--- Exercise materials ---

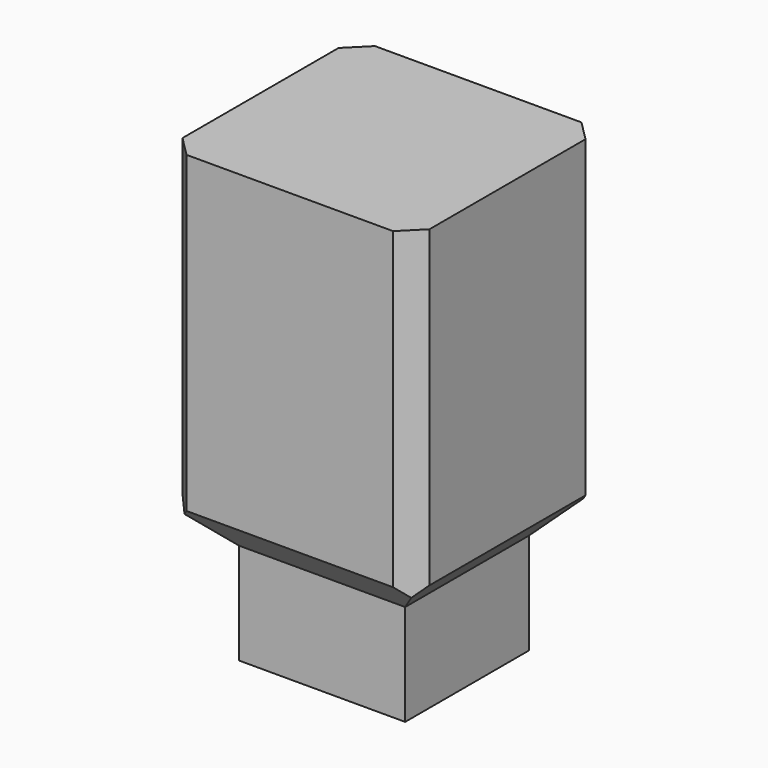
from build123d import *

# Parameters (mm, degrees)
F0_W     = 62.0293021202
F0_H     = 59.1503232718
F1_DEPTH = 88.9
F2_W     = 40.0586724281
F2_H     = 35.1866781712
F3_DEPTH = 76.2
F4_SIZE  = 5.08
F5_SIZE  = 10.16
F6_T     = 2.54
F7_DEPTH = 25.4


# Not quite as in the source:
# - a shell that OpenCascade refuses in one call is made with other operations: the cavity is built on its own and cut out


with BuildPart() as f1:
    # F0 (on Top) → F1 (new body)
    with BuildSketch(Plane.XY):
        with Locations((0.0738501549, -1.0445043445)):
            Rectangle(F0_W, F0_H)
    extrude(amount=-F1_DEPTH)

    # F2 (on face) → F3 (cut, symmetric)
    with BuildSketch(Plane(origin=(0, 0, -88.9), x_dir=(1, 0, 0), z_dir=(0, 0, -1))):
        with Locations((-0.360891223, -0.2706944942)):
            Rectangle(F2_W, F2_H)
    extrude(amount=F3_DEPTH, both=True, mode=Mode.SUBTRACT)

    # F4
    f4_edges = [f1.edges().sort_by_distance(p)[0] for p in [
        (-30.940801, 28.530657, -44.45),
        (31.088501, 28.530657, -44.45),
        (31.088501, -30.619666, -44.45),
        (-30.940801, -30.619666, -44.45),
    ]]
    chamfer(f4_edges, length=F4_SIZE)

    # F5 (call 1 of 4: OpenCascade refuses the feature's edges together)
    f5_edges = [f1.edges().sort_by_distance(p)[0] for p in [
        (0.07385, -30.619666, -88.9),
    ]]
    chamfer(f5_edges, length=F5_SIZE)

    # F5#2 (call 2 of 4)
    f5_2_edges = [f1.edges().sort_by_distance(p)[0] for p in [
        (0.07385, 28.530657, -88.9),
    ]]
    chamfer(f5_2_edges, length=F5_SIZE)

    # F5#3 (call 3 of 4)
    f5_3_edges = [f1.edges().sort_by_distance(p)[0] for p in [
        (31.088501, -1.044504, -88.9),
    ]]
    chamfer(f5_3_edges, length=F5_SIZE)

    # F5#4 (call 4 of 4)
    f5_4_edges = [f1.edges().sort_by_distance(p)[0] for p in [
        (-30.940801, -1.044504, -88.9),
    ]]
    chamfer(f5_4_edges, length=F5_SIZE)

    # F6: shell of thickness 2.54, made by hand


with BuildPart() as f6_core1:
    # F6_t2: copy of F1
    add(f1.part)

    # the walls: a layer under each face that stays
    f6_faces = [f6_core1.faces().sort_by_distance(p)[0] for p in [
        (0.0738501549, 23.4506572914, -83.82),
        (-17.8015650395, -17.6860714609, -88.9),
        (-25.8608009052, -1.0445043445, -83.82),
        (26.008501215, -1.0445043445, -83.82),
        (-28.4008009052, 25.9906572914, -40.64),
        (28.548501215, 25.9906572914, -40.64),
        (0.0738501549, 28.5306572914, -39.37),
        (0.0738501549, -25.5396659803, -83.82),
        (-30.9408009052, -1.0445043445, -39.37),
        (-28.4008009052, -28.0796659803, -40.64),
        (28.548501215, -28.0796659803, -40.64),
        (31.088501215, -1.0445043445, -39.37),
        (0.0738501549, -1.0445043445, 0),
        (0.0738501549, -30.6196659803, -39.37),
    ]]
    thicken(f6_faces, amount=-F6_T, mode=Mode.SUBTRACT)


with BuildPart() as f1_1:
    add(f1.part)

    # what is left inside the walls is the cavity
    f6_cavity = [f6_core1.part.solids().sort_by_distance(p)[0] for p in [
        (0.07385, 25.965257, -52.638598),
    ]]
    add(f6_cavity, mode=Mode.SUBTRACT)

    # F7 (add): a face of the model
    f7_faces = [f1_1.faces().sort_by_distance(p)[0] for p in [
        (0.0738501549, 18.3136708028, -88.9),
    ]]
    extrude(f7_faces, amount=F7_DEPTH)


solid = f1_1.part

---

* _What needs to be done_
Wherever the string "OpenCascade" appears in a line of the records, copy that line.

* _Reply_
# - a shell that OpenCascade refuses in one call is made with other operations: the cavity is built on its own and cut out
    # F5 (call 1 of 4: OpenCascade refuses the feature's edges together)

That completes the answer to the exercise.